Deutscher Buchpreis 
Fehl am Platz

Von Gerrit Bartels - Tagesspiegel

Am Montag wird der Deutsche Buchpreis verliehen - die Jury aber hat sich vorab diskreditiert. Ihre Devise: Bücher verhindern - oder gut verkaufen.

Die Jury für den Deutschen Buchpreis, der am Montag zum fünfzehnten Mal vergeben wird, hat es noch nie leicht gehabt. Sie setzt sich jedes Jahr aufs Neue aus Kritikerinnen, Buchhändlern und anderweitigen Literaturvermittlern zusammen, und jedes Jahr gibt es von der Literaturkritik und manchmal dem Buchhandel Gemosere an den nominierten Romanen.

Das gehört sich so, das ist schon Ritual, das macht ein bisschen den Reiz dieses Preises aus, der den Anspruch hat, den „besten Roman des Jahres“ zu küren.

In diesem Jahr sorgen jedoch nicht nur Longlist- und Shortlist-Auswahl für Stirnrunzeln und noch mehr Bedenken hinsichtlich der Bedeutung dieses Preises. Da waren einfach zu viele gute und wichtige Romane übergangen worden.

Am vergangenen Wochenende hat dann auch noch eins der Jury-Mitglieder, die Wiener Buchhändlerin und Schriftstellerin Petra Hartlieb, in der österreichischen Tageszeitung „Die Presse“ einen Text über ihre Arbeit als Jurorin des Deutschen Buchpreises veröffentlicht.

Literarische Qualität scheint Hartlieb egal zu sein

Und der lässt leider tief blicken und die Frage stellen, ob Hartlieb und womöglich gleich die gesamte diesjährige Jury sich ihrer Verantwortung, diesen Preis angemessen zu repräsentieren, bewusst ist.

Schon dass dieser Text vor der Preisverleihung und sogar der letzten Jury-Sitzung erschienen ist, macht keinen guten Eindruck. Wie es in einer Jury zugeht, ist danach noch interessant genug.

Doch was Hartlieb schreibt, weckt genau die Zweifel an ihrer Befähigung, Mitglied der Buchpreis-Jury zu sein, die sie selbst artikuliert. „Bin ich deswegen in einer so wichtigen Jury fehl am Platz?“ fragt sie, weil sie als Buchhändlerin eine andere Herangehensweise als Germanisten oder Literaturkritikerinnen habe, ihr Referenztitel, Bezüge zu Klassikern oder gar Selbstbewusstsein fehlen würden.

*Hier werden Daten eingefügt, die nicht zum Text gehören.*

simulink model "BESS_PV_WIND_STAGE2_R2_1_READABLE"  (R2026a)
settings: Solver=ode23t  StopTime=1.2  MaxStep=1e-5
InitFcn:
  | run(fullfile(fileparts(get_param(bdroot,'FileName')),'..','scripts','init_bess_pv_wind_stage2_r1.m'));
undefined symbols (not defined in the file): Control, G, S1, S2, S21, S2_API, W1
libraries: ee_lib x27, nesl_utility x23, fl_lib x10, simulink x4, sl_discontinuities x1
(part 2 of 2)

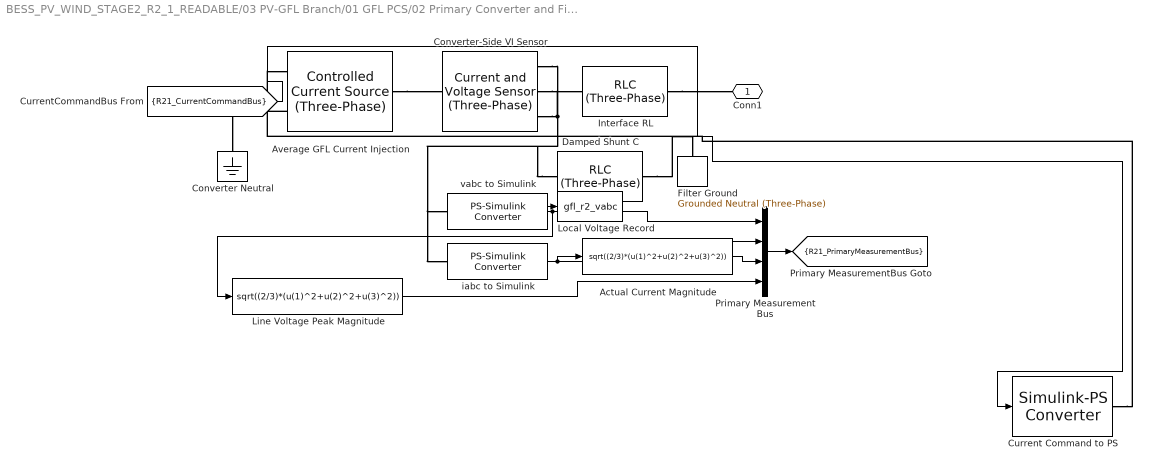
== system BESS_PV_WIND_STAGE2_R2_1_READABLE/03 PV-GFL Branch/01 GFL PCS/02 Primary Converter and Filter ==
  Actual Current Magnitude : Fcn  Expr=sqrt((2/3)*(u(1)^2+u(2)^2+u(3)^2))
  Average GFL Current Injection : ee_lib/Sources/Controlled Current Source (Three-Phase)  port_option=ee.enum.threePhasePort.composite  input_option=ee.enum.inputType.instantaneous  FRated=S1.base.f_Hz Hz  G_parasitic=1e-6 1/Ohm
  Converter Neutral : fl_lib/Electrical/Electrical Elements/Electrical Reference
  Converter-Side VI Sensor : ee_lib/Sensors & Transducers/Current and Voltage Sensor (Three-Phase)  port_option=ee.enum.threePhasePort.composite  vMeasurementType=ee.enum.vmeasurement.ll  outputUnit=ee.enum.unit.si  SRated=100e6 A*V  VRated=24e3 V  I_specify=off  I_priority=None  I=[0, 0, 0] A  I_nominal_specify=off  I_nominal_value=1  I_nominal_unit=A  V_specify=off  V_priority=None  V=[0, 0, 0] V  V_nominal_specify=off  V_nominal_value=1  V_nominal_unit=V
  Current Command to PS : nesl_utility/Simulink-PS Converter  PhysicalDomain=network_engine_domain  SubClassName=ps_input  LeftPortType=input  RightPortType=output  PseudoPeriodic=off  Frequencies=[]  NoiseDistribution=none  NoiseParameters=[]  Unit=A  AffineConversion=off  FilteringAndDerivatives=zero  SimscapeFilterOrder=1  InputFilterTimeConstant=0.001  UdotUserProvided=0
  Damped Shunt C : ee_lib/Passive/RLC Assemblies/RLC (Three-Phase)  port_option=ee.enum.threePhasePort.composite  component_structure=ee.enum.rlc.structure.SeriesRC  R=S1.filter.Rd_ohm Ohm  L=1e-3 H  C=S1.filter.C_F F  R_parasitic=0 Ohm  G_parasitic=0 1/Ohm  IL_specify=off  IL_priority=High  IL=[0, 0, 0] A  IL_nominal_specify=off  IL_nominal_value=1  IL_nominal_unit=A  VC_specify=off  VC_priority=High  VC=[0, 0, 0] V  VC_nominal_specify=off  VC_nominal_value=1  VC_nominal_unit=V
  Filter Ground : ee_lib/Connectors & References/Grounded Neutral (Three-Phase)  port_option=ee.enum.threePhasePort.composite
  Interface RL : ee_lib/Passive/RLC Assemblies/RLC (Three-Phase)  port_option=ee.enum.threePhasePort.composite  component_structure=ee.enum.rlc.structure.R  R=S1.filter.R1_ohm+S1.filter.R2_ohm Ohm  L=1e-3 H  C=1e-6 F  R_parasitic=0 Ohm  G_parasitic=0 1/Ohm  IL_specify=off  IL_priority=High  IL=[0, 0, 0] A  IL_nominal_specify=off  IL_nominal_value=1  IL_nominal_unit=A  VC_specify=off  VC_priority=High  VC=[0, 0, 0] V  VC_nominal_specify=off  VC_nominal_value=1  VC_nominal_unit=V
  Line Voltage Peak Magnitude : Fcn  Expr=sqrt((2/3)*(u(1)^2+u(2)^2+u(3)^2))
  Local Voltage Record : ToWorkspace  VariableName=gfl_r2_vabc  SampleTime=-1
  Primary MeasurementBus : Mux
  iabc to Simulink : nesl_utility/PS-Simulink Converter  PhysicalDomain=network_engine_domain  SubClassName=ps_output  LeftPortType=input  RightPortType=output  PseudoPeriodic=off  Frequencies=[]  VectorFormat=inherit  Unit=A  AffineConversion=off
  vabc to Simulink : nesl_utility/PS-Simulink Converter  PhysicalDomain=network_engine_domain  SubClassName=ps_output  LeftPortType=input  RightPortType=output  PseudoPeriodic=off  Frequencies=[]  VectorFormat=inherit  Unit=V  AffineConversion=off
  Conn1 : PMIOPort  Side=Right
  tag scope: R21_PrimaryMeasurementBus=scoped
  wires:
  iabc to Simulink/1 -> Primary MeasurementBus/2, Actual Current Magnitude/1
  vabc to Simulink/1 -> Primary MeasurementBus/1, Line Voltage Peak Magnitude/1, Local Voltage Record/1
  [R21_CurrentCommandBus] -> Current Command to PS/1
  Primary MeasurementBus/1 -> [R21_PrimaryMeasurementBus]
  Actual Current Magnitude/1 -> Primary MeasurementBus/3
  Line Voltage Peak Magnitude/1 -> Primary MeasurementBus/4
  connections:
  Damped Shunt C/LConn1 -- Converter-Side VI Sensor/RConn3 -- Interface RL/LConn1
  Current Command to PS/RConn1 -- Average GFL Current Injection/LConn1
  Converter-Side VI Sensor/RConn1 -- vabc to Simulink/LConn1
  Average GFL Current Injection/LConn2 -- Converter Neutral/LConn1
  Interface RL/RConn1 -- Conn1/RConn1
  Converter-Side VI Sensor/RConn2 -- iabc to Simulink/LConn1
  Damped Shunt C/RConn1 -- Filter Ground/LConn1
  Average GFL Current Injection/RConn1 -- Converter-Side VI Sensor/LConn1

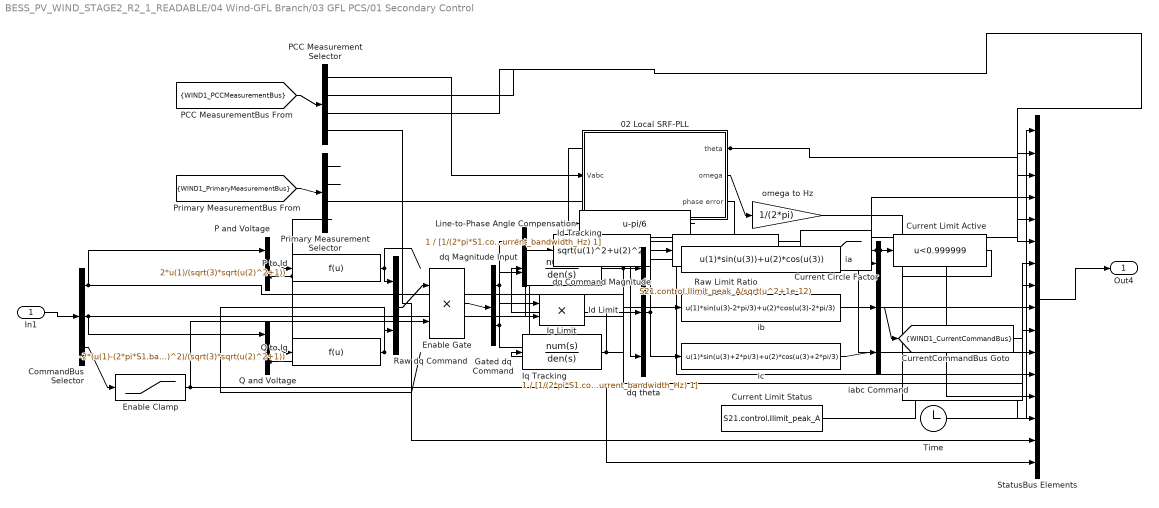
== system BESS_PV_WIND_STAGE2_R2_1_READABLE/04 Wind-GFL Branch/03 GFL PCS/01 Secondary Control ==
  In1 : Inport
  02 Local SRF-PLL : Subsystem
      settings: AttributesFormatString=|
      | local abc voltage only
      | wrapped phase-error PI
  CommandBus Selector : Demux  Outputs=3
  Current Circle Factor : Saturate  UpperLimit=1  LowerLimit=0
  Current Limit Active : Fcn  Expr=u<0.999999
  Current Limit Status : Constant  Value=S21.control.Ilimit_peak_A
  Enable Clamp : Saturate  UpperLimit=1  LowerLimit=0
  Enable Gate : Product  Inputs=**
  Gated dq Command : Demux  Outputs=2
  Id Limit : Product  Inputs=**
  Id Tracking : TransferFcn  Numerator=1  Denominator=[1/(2*pi*S1.control.current_bandwidth_Hz) 1]
  Iq Limit : Product  Inputs=**
  Iq Tracking : TransferFcn  Numerator=1  Denominator=[1/(2*pi*S1.control.current_bandwidth_Hz) 1]
  Line-to-Phase Angle Compensation : Fcn  Expr=u-pi/6
  P and Voltage : Mux  Inputs=2
  P to Id : Fcn  Expr=2*u(1)/(sqrt(3)*sqrt(u(2)^2+1))
  PCC Measurement Selector : Demux  Outputs=[3 1 1 1]
  Primary Measurement Selector : Demux  Outputs=[3 3 1 1]
  Q and Voltage : Mux  Inputs=2
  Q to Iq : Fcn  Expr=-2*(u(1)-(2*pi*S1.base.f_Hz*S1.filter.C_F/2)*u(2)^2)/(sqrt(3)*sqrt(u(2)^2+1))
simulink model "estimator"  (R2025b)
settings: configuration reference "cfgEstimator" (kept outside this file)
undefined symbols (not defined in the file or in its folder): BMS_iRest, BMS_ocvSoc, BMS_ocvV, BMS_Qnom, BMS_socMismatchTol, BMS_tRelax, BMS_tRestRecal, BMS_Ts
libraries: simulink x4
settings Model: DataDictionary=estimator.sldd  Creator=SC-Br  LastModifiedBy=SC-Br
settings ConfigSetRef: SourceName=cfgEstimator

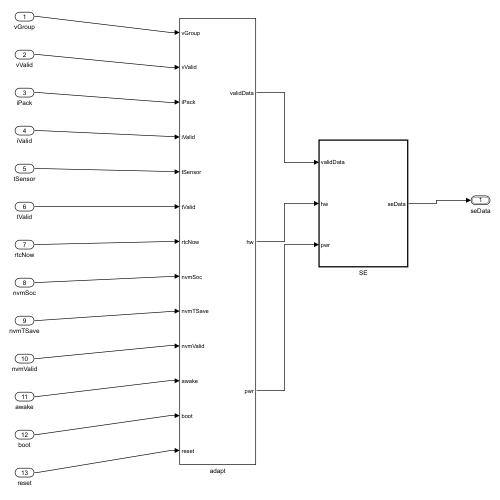
[thumbnail: Simulink's stored preview of the top-level diagram]
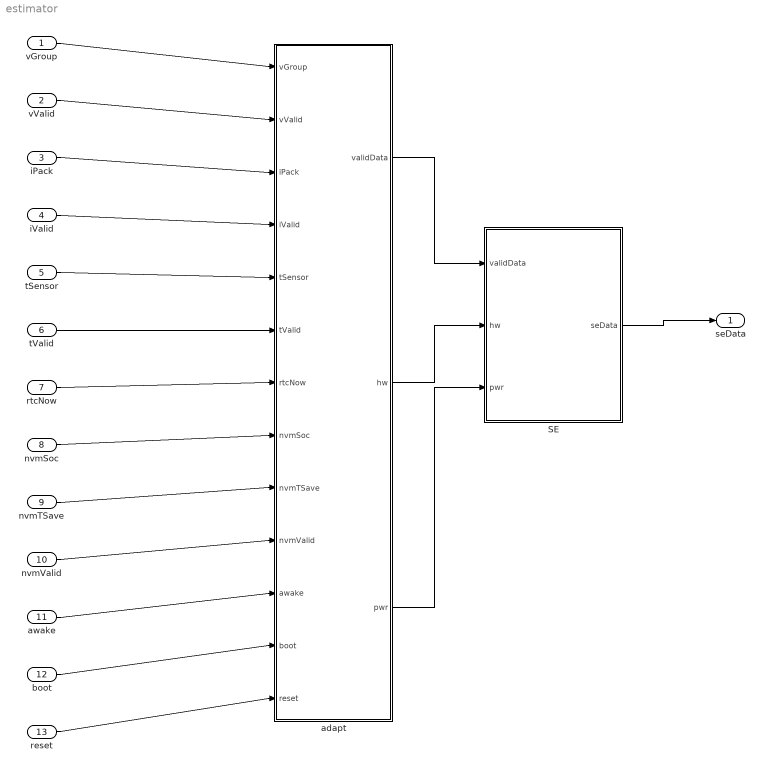
== system estimator ==
  vGroup : Inport  Description=Group voltages from f_CellVoltages (V)  OutDataTypeStr=double  PortDimensions=13  SampleTime=BMS_Ts
  vValid : Inport  Description=Not f_CellVoltages invalid flag  Port=2  OutDataTypeStr=boolean  PortDimensions=13  SampleTime=BMS_Ts
  iPack : Inport  Description=Pack current from f_PackValuesP0 (A, discharge positive)  Port=3  OutDataTypeStr=double  PortDimensions=1  SampleTime=BMS_Ts
  iValid : Inport  Description=Current received and plausible  Port=4  OutDataTypeStr=boolean  PortDimensions=1  SampleTime=BMS_Ts
  tSensor : Inport  Description=Temperatures from f_CellTemperatures (K)  Port=5  OutDataTypeStr=double  PortDimensions=26  SampleTime=BMS_Ts
  tValid : Inport  Description=Not f_CellTemperatures invalid flag  Port=6  OutDataTypeStr=boolean  PortDimensions=26  SampleTime=BMS_Ts
  rtcNow : Inport  Description=Pi clock (s, same epoch as nvmTSave)  Port=7  OutDataTypeStr=double  PortDimensions=1  SampleTime=BMS_Ts
  nvmSoc : Inport  Description=SOC record file: group SOC  Port=8  OutDataTypeStr=double  PortDimensions=13  SampleTime=BMS_Ts
  nvmTSave : Inport  Description=SOC record file: save time (s)  Port=9  OutDataTypeStr=double  PortDimensions=1  SampleTime=BMS_Ts
  nvmValid : Inport  Description=SOC record file present and intact  Port=10  OutDataTypeStr=boolean  PortDimensions=1  SampleTime=BMS_Ts
  awake : Inport  Description=BMS frames arriving (BMS on)  Port=11  OutDataTypeStr=boolean  PortDimensions=1  SampleTime=BMS_Ts
  boot : Inport  Description=One step: first measurement set after the BMS came on  Port=12  OutDataTypeStr=boolean  PortDimensions=1  SampleTime=BMS_Ts
  reset : Inport  Description=One step: SOC to be re-initialised from OCV  Port=13  OutDataTypeStr=boolean  PortDimensions=1  SampleTime=BMS_Ts
  SE : Subsystem  TreatAsAtomicUnit=on  RTWFcnName=SE_Step
      settings: RTWSystemCode=Nonreusable function  RTWFcnNameOpts=User specified  RTWFileNameOpts=Use function name
  adapt : Subsystem
  seData : Outport  OutDataTypeStr=Bus: BMS_seData
  wires:
  vGroup/1 -> adapt/1(vGroup)
  vValid/1 -> adapt/2(vValid)
  iPack/1 -> adapt/3(iPack)
  iValid/1 -> adapt/4(iValid)
  tSensor/1 -> adapt/5(tSensor)
  tValid/1 -> adapt/6(tValid)
  rtcNow/1 -> adapt/7(rtcNow)
  nvmSoc/1 -> adapt/8(nvmSoc)
  nvmTSave/1 -> adapt/9(nvmTSave)
  nvmValid/1 -> adapt/10(nvmValid)
  awake/1 -> adapt/11(awake)
  boot/1 -> adapt/12(boot)
  reset/1 -> adapt/13(reset)
  adapt/1(validData) -> SE/1(validData)
  adapt/2(hw) -> SE/2(hw)
  adapt/3(pwr) -> SE/3(pwr)
  SE/1(seData) -> seData/1

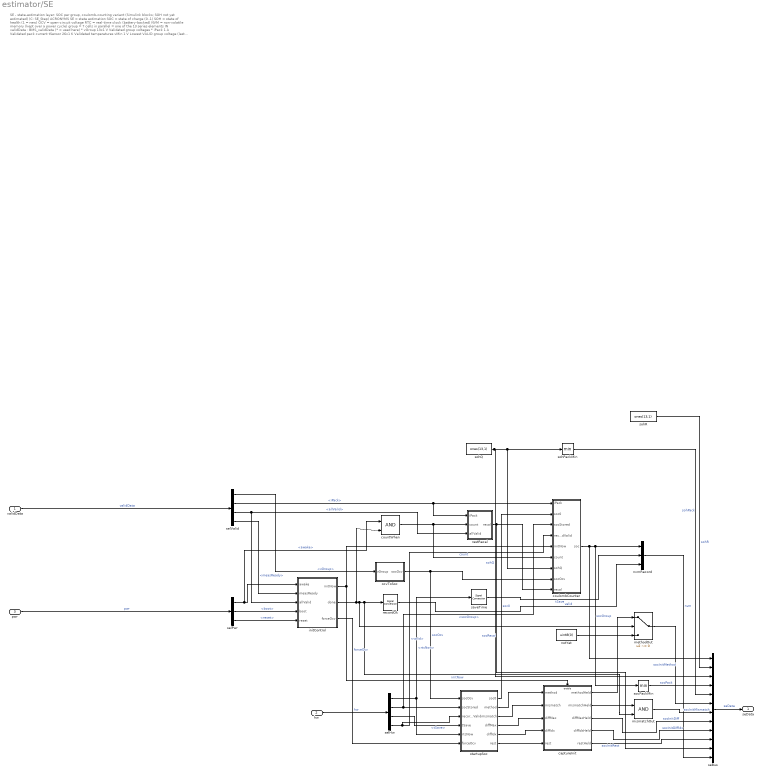
== system estimator/SE ==
  note: SE - state-estimation layer: SOC per group, coulomb-counting variant (Simulink blocks; SOH not yet estimated)   (C: SE_Step)
      |
      | ACRONYMS
      |   SE = state estimation
      |   SOC = state of charge (0..1)
      |   SOH = state of health (1 = new)
      |   OCV = open-circuit voltage
      |   RTC = real-time clock (battery-backed)
      |   NVM = non-volatile memory (kept over a power cycle)
      |   group = 7 cells in parallel = one of the 13 series elements
      |
      | IN   validData : BMS_validData   (* = used here)
      |   * vGroup         13x1  V     Validated group voltages
      |   * iPack          1     A     Validated pack current
      |     tSensor        26x1  K     Validated temperatures
      |     vMin           1     V     Lowest VALID group voltage (last valid value held if none valid)
      |     vMax           1     V     Highest VALID group voltage (last valid value held if none valid)
      |     tMin           1     K     Lowest VALID temperature (last valid value held if none valid)
      |     tMax           1     K     Highest VALID temperature (last valid value held if none valid)
      |   * allValid       1     bool  Every channel plausible
      |     contactorFb    1     bool  Validated main contactor feedback: true = closed
      |   * measReady      1     bool  Every sensor type has delivered a new sample since start-up (latched)
      |     vMinIdx        1     -     Group (1-13) with the lowest valid voltage; 0 = none valid yet
      |     vMaxIdx        1     -     Group (1-13) with the highest valid voltage; 0 = none valid yet
      |     tMinIdx        1     -     Sensor (1-26) with the lowest valid temperature; 0 = none valid yet
      |     tMaxIdx        1     -     Sensor (1-26) with the highest valid temperature; 0 = none valid yet
      |
      | IN   hw : BMS_hwIn   (* = used here)
      |   * rtcNow         1     s     Real-time clock now (battery-backed; keeps time while the BMS is off)
      |   * nvm            1     -     Record read from non-volatile memory at power-up
      |     powerBtn       1     bool  Power button pressed (long press BMS_tPowerPress: on / off)
      |     resetBtn       1     bool  Reset button pressed (long press BMS_tResetPress: restart, SOC from OCV)
      |
      | IN   pwr : BMS_pwrData   (* = used here)
      |   * awake          1     bool  BMS on (woken by a power long press, until the next one)
      |   * boot           1     bool  One-step pulse: every layer restarts as after a power-up (wake or reset)
      |   * reset          1     bool  One-step pulse: reset long press (SOC from OCV, ERROR latch cleared)
      |     powerOn        1     bool  One-step pulse: woken by the power button
      |     powerOff       1     bool  One-step pulse: switched off by the power button
      |
      | PARAMETERS (bms.sldd)
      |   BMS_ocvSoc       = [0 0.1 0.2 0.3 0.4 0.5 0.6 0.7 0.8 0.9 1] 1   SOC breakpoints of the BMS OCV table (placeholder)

Nur gut, beruhigt sie sich, und da wird es problematisch, „dass es hier um den Preis des Börsenvereins des Deutschen Buchhandels geht, nicht um den Büchner- oder Bachmannpreis.“ Schließlich solle der Roman, der hier gekürt wird, „in großen Mengen über den Ladentisch“ gehen.

So etwas wie literarische Qualität oder gar literarische Kühnheit, scheint ihr egal zu sein.
Sie gesteht offen, manches Buch nicht lesen zu können, „ich kann das nicht verstehen, ich kann das vermutlich nicht verkaufen“ – und zitiert zu allem problematischen Überfluss aus einer Mail des anderen Buchhändlers in der Jury an sie, Björn Lauer: „Wir müssen das verhindern“.

Das sei ein „rettender Anker“ für sie gewesen, so Hartlieb. Ihre Freude ist dann auch groß darüber, dass vor allem ihre Kollegen und Kolleginnen im Buchhandel die Longlist mit ihren „gut verkäuflichen“ Titeln loben.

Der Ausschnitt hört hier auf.